Statistics (STAT)
An introduction to statistics; data collection, description, visualization and analysis; basic probability; statistical reasoning and inference including hypothesis tests and confidence intervals: t-tests, chi-squared tests, ANOVA, correlation and regression.
Generating actionable insights from data relies heavily on proper usage of analytics. The foundation of this process consists of two key ingredients: fundamental statistical concepts and corresponding computational tools. This course covers the topics from statistics and programming necessary to understand how such concepts come about, why the algorithms work the way they do, and how to use these in practice. The emphasis is on implementing the foundational procedures in industry-standard programming languages.
Networks are a fundamental structure in a variety of settings such as biology, transportation, and telecommunication. In this course, students will learn how to represent and analyze networks. Students will also learn how to build networks from data using software and utilize network algorithms. Applications include social, biological, and technological networks.

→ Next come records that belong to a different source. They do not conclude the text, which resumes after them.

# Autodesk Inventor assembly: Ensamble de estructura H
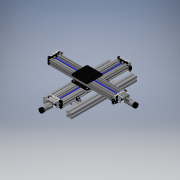
[picture p0: Inventor's stored thumbnail of the model, 180x180]
Saved by Autodesk Inventor 2018.3 (Build 223284000, 284)
## iProperties
Created: 2020-12-03
Part Number: Ensamble de estructura H
Material: Genérico
Description: STEP AP203
Document SubType Name: Assembly
Designer: SERGIO ROMO
Sending System: SolidWorks 2019
Preprocessor: SwSTEP 2.0
Title: Ensamble del Arreglo.STEP
Revision Number: ANY
## Documents named in this file (22)
- C:\Users\SERGIO ROMO\Documents\GitHub\RemBot\CAD\Balanceo de masa\Inventor\Ensamble de estructura H.iam
- C:\Users\SERGIO ROMO\Documents\GitHub\RemBot\CAD\Balanceo de masa\Inventor\C-Beam Actuator Lineal 500mm (Sin motor, sin carrito).ipt
- C:\Users\SERGIO ROMO\Documents\GitHub\RemBot\CAD\Balanceo de masa\Inventor\XLarge C-Beam Gantry Kit.iam
- C:\Users\SERGIO ROMO\Documents\GitHub\RemBot\CAD\Balanceo de masa\Inventor\Perfil de Aluminio.ipt
- C:\Users\SERGIO ROMO\Documents\GitHub\RemBot\CAD\Balanceo de masa\Inventor\Clavo.ipt
- C:\Users\SERGIO ROMO\Documents\GitHub\RemBot\CAD\Balanceo de masa\Inventor\Gearmotor_37D_19a1.ipt
- C:\Users\SERGIO ROMO\Documents\GitHub\RemBot\CAD\Balanceo de masa\Inventor\Impresion3D.ipt
- C:\Users\SERGIO ROMO\Documents\GitHub\RemBot\CAD\Balanceo de masa\Inventor\C-Beam Gantry Plate XLarge.step.ipt
- C:\Users\SERGIO ROMO\Documents\GitHub\RemBot\CAD\Balanceo de masa\Inventor\Bracket Inventor.ipt
- C:\Users\SERGIO ROMO\Documents\GitHub\RemBot\CAD\Balanceo de masa\Inventor\KW8-2.ipt
- C:\Users\SERGIO ROMO\Documents\GitHub\RemBot\CAD\Balanceo de masa\Inventor\Impresion3D sin Bracket.ipt
- C:\Users\SERGIO ROMO\Documents\GitHub\RemBot\CAD\Balanceo de masa\Inventor\Clavo de Arriba.ipt
- C:\Users\SERGIO ROMO\Documents\GitHub\RemBot\CAD\Balanceo de masa\Inventor\Tornillo final de carrera.ipt
- C:\Users\SERGIO ROMO\Documents\GitHub\RemBot\CAD\Balanceo de masa\Inventor\Perfil de Aluminio corta.ipt
- C:\Users\SERGIO ROMO\Documents\GitHub\RemBot\CAD\Balanceo de masa\Inventor\Triangulo.ipt
- C:\Users\SERGIO ROMO\Documents\GitHub\RemBot\CAD\Balanceo de masa\Inventor\TornilloM6.ipt
- C:\Users\SERGIO ROMO\Documents\GitHub\RemBot\CAD\Balanceo de masa\Inventor\Tuerca para tornilloM6.ipt
- C:\Users\SERGIO ROMO\Documents\GitHub\RemBot\CAD\Balanceo de masa\Inventor\Sujetador.ipt
- C:\Users\SERGIO ROMO\Documents\GitHub\RemBot\CAD\Balanceo de masa\Inventor\TornilloM8.ipt
- C:\Users\SERGIO ROMO\Documents\GitHub\RemBot\CAD\Balanceo de masa\Inventor\Tuerca para tornilloM8.ipt
- C:\Users\SERGIO ROMO\Documents\GitHub\RemBot\CAD\Balanceo de masa\Inventor\Tornillo para Bracket.ipt
- C:\Users\SERGIO ROMO\Documents\GitHub\RemBot\CAD\Balanceo de masa\Inventor\Tornillo para Motor Pololu.ipt
## Components (100 placed, 27 different names)
1. C-Beam Actuator Lineal 500mm (Sin motor, sin carrito)_1 — Coincidencia:6, Coincidencia:7, Coincidencia:8, Coincidencia:32, Coincidencia:33, Coincidencia:34, Coincidencia:35, Coincidencia:39, Coincidencia:41, Coincidencia:42, Coincidencia:45
2. XLarge C-Beam Gantry Kit_2 [sub-assembly] — Rígido:1
3. Perfil de Aluminio_4 — Coincidencia:32, Coincidencia:37, Coincidencia:44, Coincidencia:60, Coincidencia:61, Coincidencia:75, Coincidencia:77
4. Perfil de Aluminio_5 — Coincidencia:33, Coincidencia:36, Coincidencia:40, Coincidencia:64, Coincidencia:66, Coincidencia:79, Coincidencia:81
5. Clavo_8
6. Clavo_9
7. Gearmotor_37D_19a1_10 — Coincidencia:6
8. Gearmotor_37D_19a1_22
9. Impresion3D_28 — Coincidencia:1, Coincidencia:4, Coincidencia:15, Coincidencia:16, Coincidencia:28, Coincidencia:29, Coincidencia:30, Coincidencia:31, Coincidencia:83, Coincidencia:84
10. C-Beam Actuator Lineal 500mm (Sin motor, sin carrito):2 — Rígido:1, Coincidencia:2, Coincidencia:9, Coincidencia:10
11. C-Beam Gantry Plate XLarge.step:1
12. Bracket Inventor:1 — Coincidencia:1, Coincidencia:83, Coincidencia:84, Coincidencia:106, Coincidencia:107, Coincidencia:108, Coincidencia:109, Coincidencia:110, Coincidencia:111, Coincidencia:112, Coincidencia:113, Coincidencia:134, Coincidencia:135, Coincidencia:136, Coincidencia:137, Coincidencia:138, Coincidencia:139, Coincidencia:140, Coincidencia:141, Coincidencia:142, Coincidencia:143, Coincidencia:144, Coincidencia:145
13. Bracket Inventor:2 — Coincidencia:3, Coincidencia:11, Coincidencia:12, Coincidencia:85, Coincidencia:114, Coincidencia:115, Coincidencia:116, Coincidencia:117, Coincidencia:118, Coincidencia:119, Coincidencia:120, Coincidencia:121, Coincidencia:122, Coincidencia:123, Coincidencia:124, Coincidencia:125, Coincidencia:126, Coincidencia:127, Coincidencia:128, Coincidencia:129, Coincidencia:130, Coincidencia:131, Coincidencia:132, Coincidencia:133
14. Impresion3D:2 — Coincidencia:2, Coincidencia:3, Coincidencia:5, Coincidencia:11, Coincidencia:12, Coincidencia:13, Coincidencia:14, Coincidencia:24, Coincidencia:25, Coincidencia:26, Coincidencia:27, Coincidencia:85, Coincidencia:90, Coincidencia:91, Coincidencia:92, Coincidencia:93
15. KW8-2:1 — Coincidencia:4
16. KW8-2:2 — Coincidencia:5
17. KW8-2:3
18. KW8-2:4
19. Impresion3D sin Bracket:1 — Coincidencia:7, Coincidencia:8, Coincidencia:17, Coincidencia:18, Coincidencia:19, Coincidencia:86, Coincidencia:87, Coincidencia:88, Coincidencia:89
20. Impresion3D sin Bracket:2 — Coincidencia:9, Coincidencia:10, Coincidencia:20, Coincidencia:21, Coincidencia:22, Coincidencia:23, Coincidencia:94, Coincidencia:95, Coincidencia:96, Coincidencia:97
21. Clavo:3 — Coincidencia:13
22. Clavo:4 — Coincidencia:14
23. Clavo de Arriba:1 — Coincidencia:15
24. Clavo de Arriba:2 — Coincidencia:16
25. Clavo de Arriba:3 — Coincidencia:17
26. Clavo de Arriba:4 — Coincidencia:18, Coincidencia:19
27. Clavo de Arriba:5 — Coincidencia:21, Coincidencia:23
28. Clavo de Arriba:6 — Coincidencia:20, Coincidencia:22
29. Clavo de Arriba:7 — Coincidencia:24, Coincidencia:25
30. Clavo de Arriba:8 — Coincidencia:26, Coincidencia:27
31. Tornillo final de carrera:1 — Coincidencia:28, Coincidencia:30
32. Tornillo final de carrera:2 — Coincidencia:29, Coincidencia:31
33. Perfil de Aluminio corta:1 — Coincidencia:35, Coincidencia:37, Coincidencia:46, Coincidencia:55, Coincidencia:62, Coincidencia:63, Coincidencia:71, Coincidencia:72
34. Perfil de Aluminio corta:2 — Coincidencia:34, Coincidencia:36, Coincidencia:38, Coincidencia:43, Coincidencia:51, Coincidencia:56, Coincidencia:59, Coincidencia:65, Coincidencia:67, Coincidencia:68
35. Triangulo:1 — Coincidencia:40, Coincidencia:41, Coincidencia:47, Coincidencia:49, Coincidencia:102, Coincidencia:104
36. Triangulo:2 — Coincidencia:42, Coincidencia:43, Coincidencia:53, Coincidencia:98, Coincidencia:100
37. Triangulo:3 — Coincidencia:38, Coincidencia:39, Coincidencia:50, Coincidencia:103, Coincidencia:105
38. Triangulo:4 — Coincidencia:44, Coincidencia:45, Coincidencia:54, Coincidencia:99, Coincidencia:101
39. TornilloM6:1 — Coincidencia:46, Coincidencia:47, Coincidencia:48
40. Tuerca para tornilloM6:1 — Coincidencia:48, Coincidencia:49
41. TornilloM6:2 — Coincidencia:50, Coincidencia:51, Coincidencia:52
42. Tuerca para tornilloM6:2 — Coincidencia:52
43. TornilloM6:3 — Coincidencia:53, Coincidencia:56, Coincidencia:57
44. TornilloM6:4 — Coincidencia:54, Coincidencia:55, Coincidencia:58
45. Tuerca para tornilloM6:3 — Coincidencia:57
46. Tuerca para tornilloM6:4 — Coincidencia:58
47. Sujetador:1 — Coincidencia:59, Coincidencia:60
48. Sujetador:2 — Coincidencia:61, Coincidencia:62
49. Sujetador:3 — Coincidencia:65, Coincidencia:66
50. Sujetador:4 — Coincidencia:63, Coincidencia:64
51. TornilloM8:1 — Coincidencia:68, Coincidencia:70
52. TornilloM8:2 — Coincidencia:67, Coincidencia:69
53. Tuerca para tornilloM8:1 — Coincidencia:69
54. Tuerca para tornilloM8:2 — Coincidencia:70
55. TornilloM8:3 — Coincidencia:71, Coincidencia:74
56. TornilloM8:4 — Coincidencia:72, Coincidencia:73
57. Tuerca para tornilloM8:3 — Coincidencia:73
58. Tuerca para tornilloM8:4 — Coincidencia:74
59. TornilloM8:5 — Coincidencia:75, Coincidencia:76
60. TornilloM8:6 — Coincidencia:77, Coincidencia:78
61. Tuerca para tornilloM8:5 — Coincidencia:76
62. Tuerca para tornilloM8:6 — Coincidencia:78
63. TornilloM8:7 — Coincidencia:81, Coincidencia:82
64. TornilloM8:8 — Coincidencia:79, Coincidencia:80
65. Tuerca para tornilloM8:7 — Coincidencia:80
66. Tuerca para tornilloM8:8 — Coincidencia:82
67. Tornillo final de carrera:3 — Coincidencia:86, Coincidencia:88
68. Tornillo final de carrera:4 — Coincidencia:87, Coincidencia:89
69. Tornillo final de carrera:5 — Coincidencia:90, Coincidencia:92
70. Tornillo final de carrera:6 — Coincidencia:91, Coincidencia:93
71. Tornillo final de carrera:7 — Coincidencia:94, Coincidencia:96
72. Tornillo final de carrera:8 — Coincidencia:95, Coincidencia:97
73. TornilloM6:5 — Coincidencia:98
74. TornilloM6:6 — Coincidencia:99
75. Tuerca para tornilloM6:5 — Coincidencia:100
76. Tuerca para tornilloM6:6 — Coincidencia:101
77. TornilloM6:7 — Coincidencia:102
78. TornilloM6:8 — Coincidencia:103
79. Tuerca para tornilloM6:7 — Coincidencia:105
80. Tuerca para tornilloM6:8 — Coincidencia:104
81. Tornillo para Bracket:1 — Coincidencia:107, Coincidencia:111
82. Tornillo para Bracket:2 — Coincidencia:108, Coincidencia:112
83. Tornillo para Bracket:3 — Coincidencia:109, Coincidencia:110
84. Tornillo para Bracket:4 — Coincidencia:106, Coincidencia:113
85. Tornillo para Bracket:5 — Coincidencia:116, Coincidencia:121
86. Tornillo para Bracket:6 — Coincidencia:115, Coincidencia:118
87. Tornillo para Bracket:7 — Coincidencia:117, Coincidencia:120
88. Tornillo para Bracket:8 — Coincidencia:114, Coincidencia:119
89. Tornillo para Motor Pololu:1 — Coincidencia:127, Coincidencia:130
90. Tornillo para Motor Pololu:2 — Coincidencia:126, Coincidencia:128
91. Tornillo para Motor Pololu:3 — Coincidencia:124, Coincidencia:132
92. Tornillo para Motor Pololu:4 — Coincidencia:123, Coincidencia:131
93. Tornillo para Motor Pololu:5 — Coincidencia:125, Coincidencia:129
94. Tornillo para Motor Pololu:6 — Coincidencia:122, Coincidencia:133
95. Tornillo para Motor Pololu:7 — Coincidencia:138, Coincidencia:144
96. Tornillo para Motor Pololu:8 — Coincidencia:137, Coincidencia:143
97. Tornillo para Motor Pololu:9 — Coincidencia:136, Coincidencia:145
98. Tornillo para Motor Pololu:10 — Coincidencia:134, Coincidencia:141
99. Tornillo para Motor Pololu:11 — Coincidencia:135, Coincidencia:140
100. Tornillo para Motor Pololu:12 — Coincidencia:139, Coincidencia:142
## Relationships (146: Mate 145, WeldJoint 1)
- Rígido:1 [WeldJoint]: XLarge C-Beam Gantry Kit_2 ↔ C-Beam Actuator Lineal 500mm (Sin motor, sin carrito):2
- Coincidencia:1 [Mate]: Impresion3D_28 ↔ Bracket Inventor:1
- Coincidencia:2 [Mate]: C-Beam Actuator Lineal 500mm (Sin motor, sin carrito):2 ↔ Impresion3D:2
- Coincidencia:3 [Mate]: Bracket Inventor:2 ↔ Impresion3D:2
- Coincidencia:4 [Mate]: Impresion3D_28 ↔ KW8-2:1
- Coincidencia:5 [Mate]: Impresion3D:2 ↔ KW8-2:2
- Coincidencia:6 [Mate]: C-Beam Actuator Lineal 500mm (Sin motor, sin carrito)_1 ↔ Gearmotor_37D_19a1_10
- Coincidencia:7 [Mate]: C-Beam Actuator Lineal 500mm (Sin motor, sin carrito)_1 ↔ Impresion3D sin Bracket:1
- Coincidencia:8 [Mate]: C-Beam Actuator Lineal 500mm (Sin motor, sin carrito)_1 ↔ Impresion3D sin Bracket:1
- Coincidencia:9 [Mate]: C-Beam Actuator Lineal 500mm (Sin motor, sin carrito):2 ↔ Impresion3D sin Bracket:2
- Coincidencia:10 [Mate]: C-Beam Actuator Lineal 500mm (Sin motor, sin carrito):2 ↔ Impresion3D sin Bracket:2
- Coincidencia:11 [Mate]: Bracket Inventor:2 ↔ Impresion3D:2
- Coincidencia:12 [Mate]: Bracket Inventor:2 ↔ Impresion3D:2
- Coincidencia:13 [Mate]: Impresion3D:2 ↔ Clavo:3
- Coincidencia:14 [Mate]: Impresion3D:2 ↔ Clavo:4
- Coincidencia:15 [Mate]: Impresion3D_28 ↔ Clavo de Arriba:1
- Coincidencia:16 [Mate]: Impresion3D_28 ↔ Clavo de Arriba:2
- Coincidencia:17 [Mate]: Impresion3D sin Bracket:1 ↔ Clavo de Arriba:3
- Coincidencia:18 [Mate]: Impresion3D sin Bracket:1 ↔ Clavo de Arriba:4
- Coincidencia:19 [Mate]: Impresion3D sin Bracket:1 ↔ Clavo de Arriba:4
- Coincidencia:20 [Mate]: Impresion3D sin Bracket:2 ↔ Clavo de Arriba:6
- Coincidencia:21 [Mate]: Impresion3D sin Bracket:2 ↔ Clavo de Arriba:5
- Coincidencia:22 [Mate]: Impresion3D sin Bracket:2 ↔ Clavo de Arriba:6
- Coincidencia:23 [Mate]: Impresion3D sin Bracket:2 ↔ Clavo de Arriba:5
- Coincidencia:24 [Mate]: Impresion3D:2 ↔ Clavo de Arriba:7
- Coincidencia:25 [Mate]: Impresion3D:2 ↔ Clavo de Arriba:7
- Coincidencia:26 [Mate]: Impresion3D:2 ↔ Clavo de Arriba:8
- Coincidencia:27 [Mate]: Impresion3D:2 ↔ Clavo de Arriba:8
- Coincidencia:28 [Mate]: Impresion3D_28 ↔ Tornillo final de carrera:1
- Coincidencia:29 [Mate]: Impresion3D_28 ↔ Tornillo final de carrera:2
- Coincidencia:30 [Mate]: Impresion3D_28 ↔ Tornillo final de carrera:1
- Coincidencia:31 [Mate]: Impresion3D_28 ↔ Tornillo final de carrera:2
- Coincidencia:32 [Mate]: C-Beam Actuator Lineal 500mm (Sin motor, sin carrito)_1 ↔ Perfil de Aluminio_4
- Coincidencia:33 [Mate]: C-Beam Actuator Lineal 500mm (Sin motor, sin carrito)_1 ↔ Perfil de Aluminio_5
- Coincidencia:34 [Mate]: C-Beam Actuator Lineal 500mm (Sin motor, sin carrito)_1 ↔ Perfil de Aluminio corta:2
- Coincidencia:35 [Mate]: C-Beam Actuator Lineal 500mm (Sin motor, sin carrito)_1 ↔ Perfil de Aluminio corta:1
- Coincidencia:36 [Mate]: Perfil de Aluminio_5 ↔ Perfil de Aluminio corta:2
- Coincidencia:37 [Mate]: Perfil de Aluminio_4 ↔ Perfil de Aluminio corta:1
- Coincidencia:38 [Mate]: Perfil de Aluminio corta:2 ↔ Triangulo:3
- Coincidencia:39 [Mate]: C-Beam Actuator Lineal 500mm (Sin motor, sin carrito)_1 ↔ Triangulo:3
- Coincidencia:40 [Mate]: Perfil de Aluminio_5 ↔ Triangulo:1
- Coincidencia:41 [Mate]: C-Beam Actuator Lineal 500mm (Sin motor, sin carrito)_1 ↔ Triangulo:1
- Coincidencia:42 [Mate]: C-Beam Actuator Lineal 500mm (Sin motor, sin carrito)_1 ↔ Triangulo:2
- Coincidencia:43 [Mate]: Perfil de Aluminio corta:2 ↔ Triangulo:2
- Coincidencia:44 [Mate]: Perfil de Aluminio_4 ↔ Triangulo:4
- Coincidencia:45 [Mate]: C-Beam Actuator Lineal 500mm (Sin motor, sin carrito)_1 ↔ Triangulo:4
- Coincidencia:46 [Mate]: Perfil de Aluminio corta:1 ↔ TornilloM6:1
- Coincidencia:47 [Mate]: Triangulo:1 ↔ TornilloM6:1
- Coincidencia:48 [Mate]: TornilloM6:1 ↔ Tuerca para tornilloM6:1
- Coincidencia:49 [Mate]: Triangulo:1 ↔ Tuerca para tornilloM6:1
- Coincidencia:50 [Mate]: Triangulo:3 ↔ TornilloM6:2
- Coincidencia:51 [Mate]: Perfil de Aluminio corta:2 ↔ TornilloM6:2
- Coincidencia:52 [Mate]: TornilloM6:2 ↔ Tuerca para tornilloM6:2
- Coincidencia:53 [Mate]: Triangulo:2 ↔ TornilloM6:3
- Coincidencia:54 [Mate]: Triangulo:4 ↔ TornilloM6:4
- Coincidencia:55 [Mate]: Perfil de Aluminio corta:1 ↔ TornilloM6:4
- Coincidencia:56 [Mate]: Perfil de Aluminio corta:2 ↔ TornilloM6:3
- Coincidencia:57 [Mate]: TornilloM6:3 ↔ Tuerca para tornilloM6:3
- Coincidencia:58 [Mate]: TornilloM6:4 ↔ Tuerca para tornilloM6:4
- Coincidencia:59 [Mate]: Perfil de Aluminio corta:2 ↔ Sujetador:1
- Coincidencia:60 [Mate]: Perfil de Aluminio_4 ↔ Sujetador:1
- Coincidencia:61 [Mate]: Perfil de Aluminio_4 ↔ Sujetador:2
- Coincidencia:62 [Mate]: Perfil de Aluminio corta:1 ↔ Sujetador:2
- Coincidencia:63 [Mate]: Perfil de Aluminio corta:1 ↔ Sujetador:4
- Coincidencia:64 [Mate]: Perfil de Aluminio_5 ↔ Sujetador:4
- Coincidencia:65 [Mate]: Perfil de Aluminio corta:2 ↔ Sujetador:3
- Coincidencia:66 [Mate]: Perfil de Aluminio_5 ↔ Sujetador:3
- Coincidencia:67 [Mate]: Perfil de Aluminio corta:2 ↔ TornilloM8:2
- Coincidencia:68 [Mate]: Perfil de Aluminio corta:2 ↔ TornilloM8:1
- Coincidencia:69 [Mate]: TornilloM8:2 ↔ Tuerca para tornilloM8:1
- Coincidencia:70 [Mate]: TornilloM8:1 ↔ Tuerca para tornilloM8:2
- Coincidencia:71 [Mate]: Perfil de Aluminio corta:1 ↔ TornilloM8:3
- Coincidencia:72 [Mate]: Perfil de Aluminio corta:1 ↔ TornilloM8:4
- Coincidencia:73 [Mate]: TornilloM8:4 ↔ Tuerca para tornilloM8:3
- Coincidencia:74 [Mate]: TornilloM8:3 ↔ Tuerca para tornilloM8:4
- Coincidencia:75 [Mate]: Perfil de Aluminio_4 ↔ TornilloM8:5
- Coincidencia:76 [Mate]: TornilloM8:5 ↔ Tuerca para tornilloM8:5
- Coincidencia:77 [Mate]: Perfil de Aluminio_4 ↔ TornilloM8:6
- Coincidencia:78 [Mate]: TornilloM8:6 ↔ Tuerca para tornilloM8:6
- Coincidencia:79 [Mate]: Perfil de Aluminio_5 ↔ TornilloM8:8
- Coincidencia:80 [Mate]: TornilloM8:8 ↔ Tuerca para tornilloM8:7
- Coincidencia:81 [Mate]: Perfil de Aluminio_5 ↔ TornilloM8:7
- Coincidencia:82 [Mate]: TornilloM8:7 ↔ Tuerca para tornilloM8:8
- Coincidencia:83 [Mate]: Impresion3D_28 ↔ Bracket Inventor:1
- Coincidencia:84 [Mate]: Impresion3D_28 ↔ Bracket Inventor:1
- Coincidencia:85 [Mate]: Bracket Inventor:2 ↔ Impresion3D:2
- Coincidencia:86 [Mate]: Impresion3D sin Bracket:1 ↔ Tornillo final de carrera:3
- Coincidencia:87 [Mate]: Impresion3D sin Bracket:1 ↔ Tornillo final de carrera:4
- Coincidencia:88 [Mate]: Impresion3D sin Bracket:1 ↔ Tornillo final de carrera:3
- Coincidencia:89 [Mate]: Impresion3D sin Bracket:1 ↔ Tornillo final de carrera:4
- Coincidencia:90 [Mate]: Impresion3D:2 ↔ Tornillo final de carrera:5
- Coincidencia:91 [Mate]: Impresion3D:2 ↔ Tornillo final de carrera:6
- Coincidencia:92 [Mate]: Impresion3D:2 ↔ Tornillo final de carrera:5
- Coincidencia:93 [Mate]: Impresion3D:2 ↔ Tornillo final de carrera:6
- Coincidencia:94 [Mate]: Impresion3D sin Bracket:2 ↔ Tornillo final de carrera:7
- Coincidencia:95 [Mate]: Impresion3D sin Bracket:2 ↔ Tornillo final de carrera:8
- Coincidencia:96 [Mate]: Impresion3D sin Bracket:2 ↔ Tornillo final de carrera:7
- Coincidencia:97 [Mate]: Impresion3D sin Bracket:2 ↔ Tornillo final de carrera:8
- Coincidencia:98 [Mate]: Triangulo:2 ↔ TornilloM6:5
- Coincidencia:99 [Mate]: Triangulo:4 ↔ TornilloM6:6
- Coincidencia:100 [Mate]: Triangulo:2 ↔ Tuerca para tornilloM6:5
- Coincidencia:101 [Mate]: Triangulo:4 ↔ Tuerca para tornilloM6:6
- Coincidencia:102 [Mate]: Triangulo:1 ↔ TornilloM6:7
- Coincidencia:103 [Mate]: Triangulo:3 ↔ TornilloM6:8
- Coincidencia:104 [Mate]: Triangulo:1 ↔ Tuerca para tornilloM6:8
- Coincidencia:105 [Mate]: Triangulo:3 ↔ Tuerca para tornilloM6:7
- Coincidencia:106 [Mate]: Bracket Inventor:1 ↔ Tornillo para Bracket:4
- Coincidencia:107 [Mate]: Bracket Inventor:1 ↔ Tornillo para Bracket:1
- Coincidencia:108 [Mate]: Bracket Inventor:1 ↔ Tornillo para Bracket:2
- Coincidencia:109 [Mate]: Bracket Inventor:1 ↔ Tornillo para Bracket:3
- Coincidencia:110 [Mate]: Bracket Inventor:1 ↔ Tornillo para Bracket:3
- Coincidencia:111 [Mate]: Bracket Inventor:1 ↔ Tornillo para Bracket:1
- Coincidencia:112 [Mate]: Bracket Inventor:1 ↔ Tornillo para Bracket:2
- Coincidencia:113 [Mate]: Bracket Inventor:1 ↔ Tornillo para Bracket:4
- Coincidencia:114 [Mate]: Bracket Inventor:2 ↔ Tornillo para Bracket:8
- Coincidencia:115 [Mate]: Bracket Inventor:2 ↔ Tornillo para Bracket:6
- Coincidencia:116 [Mate]: Bracket Inventor:2 ↔ Tornillo para Bracket:5
- Coincidencia:117 [Mate]: Bracket Inventor:2 ↔ Tornillo para Bracket:7
- Coincidencia:118 [Mate]: Bracket Inventor:2 ↔ Tornillo para Bracket:6
- Coincidencia:119 [Mate]: Bracket Inventor:2 ↔ Tornillo para Bracket:8
- Coincidencia:120 [Mate]: Bracket Inventor:2 ↔ Tornillo para Bracket:7
- Coincidencia:121 [Mate]: Bracket Inventor:2 ↔ Tornillo para Bracket:5
- Coincidencia:122 [Mate]: Bracket Inventor:2 ↔ Tornillo para Motor Pololu:6
- Coincidencia:123 [Mate]: Bracket Inventor:2 ↔ Tornillo para Motor Pololu:4
- Coincidencia:124 [Mate]: Bracket Inventor:2 ↔ Tornillo para Motor Pololu:3
- Coincidencia:125 [Mate]: Bracket Inventor:2 ↔ Tornillo para Motor Pololu:5
- Coincidencia:126 [Mate]: Bracket Inventor:2 ↔ Tornillo para Motor Pololu:2
- Coincidencia:127 [Mate]: Bracket Inventor:2 ↔ Tornillo para Motor Pololu:1
- Coincidencia:128 [Mate]: Bracket Inventor:2 ↔ Tornillo para Motor Pololu:2
- Coincidencia:129 [Mate]: Bracket Inventor:2 ↔ Tornillo para Motor Pololu:5
- Coincidencia:130 [Mate]: Bracket Inventor:2 ↔ Tornillo para Motor Pololu:1
- Coincidencia:131 [Mate]: Bracket Inventor:2 ↔ Tornillo para Motor Pololu:4
- Coincidencia:132 [Mate]: Bracket Inventor:2 ↔ Tornillo para Motor Pololu:3
- Coincidencia:133 [Mate]: Bracket Inventor:2 ↔ Tornillo para Motor Pololu:6
- Coincidencia:134 [Mate]: Bracket Inventor:1 ↔ Tornillo para Motor Pololu:10
- Coincidencia:135 [Mate]: Bracket Inventor:1 ↔ Tornillo para Motor Pololu:11
- Coincidencia:136 [Mate]: Bracket Inventor:1 ↔ Tornillo para Motor Pololu:9
- Coincidencia:137 [Mate]: Bracket Inventor:1 ↔ Tornillo para Motor Pololu:8
- Coincidencia:138 [Mate]: Bracket Inventor:1 ↔ Tornillo para Motor Pololu:7
- Coincidencia:139 [Mate]: Bracket Inventor:1 ↔ Tornillo para Motor Pololu:12
- Coincidencia:140 [Mate]: Bracket Inventor:1 ↔ Tornillo para Motor Pololu:11
- Coincidencia:141 [Mate]: Bracket Inventor:1 ↔ Tornillo para Motor Pololu:10
- Coincidencia:142 [Mate]: Bracket Inventor:1 ↔ Tornillo para Motor Pololu:12
- Coincidencia:143 [Mate]: Bracket Inventor:1 ↔ Tornillo para Motor Pololu:8
- Coincidencia:144 [Mate]: Bracket Inventor:1 ↔ Tornillo para Motor Pololu:7
- Coincidencia:145 [Mate]: Bracket Inventor:1 ↔ Tornillo para Motor Pololu:9

Topics covered include graph representations, random network models, modeling techniques, spectral analysis and clustering, and dynamics on networks.
Statistical Consulting is a course in applied statistics, providing training in statistical consulting. Applications of commonly encountered statistical methods are explored in the consulting environment. Written and oral communication skills are emphasized, and ethical aspects of consulting are introduced. The course provides students with an opportunity to gain practical experience in consulting through various projects with synthetic and real data in simulated and client-facing scenarios. Basic proficiency or working knowledge of statistical software packages, such as R or python, is expected.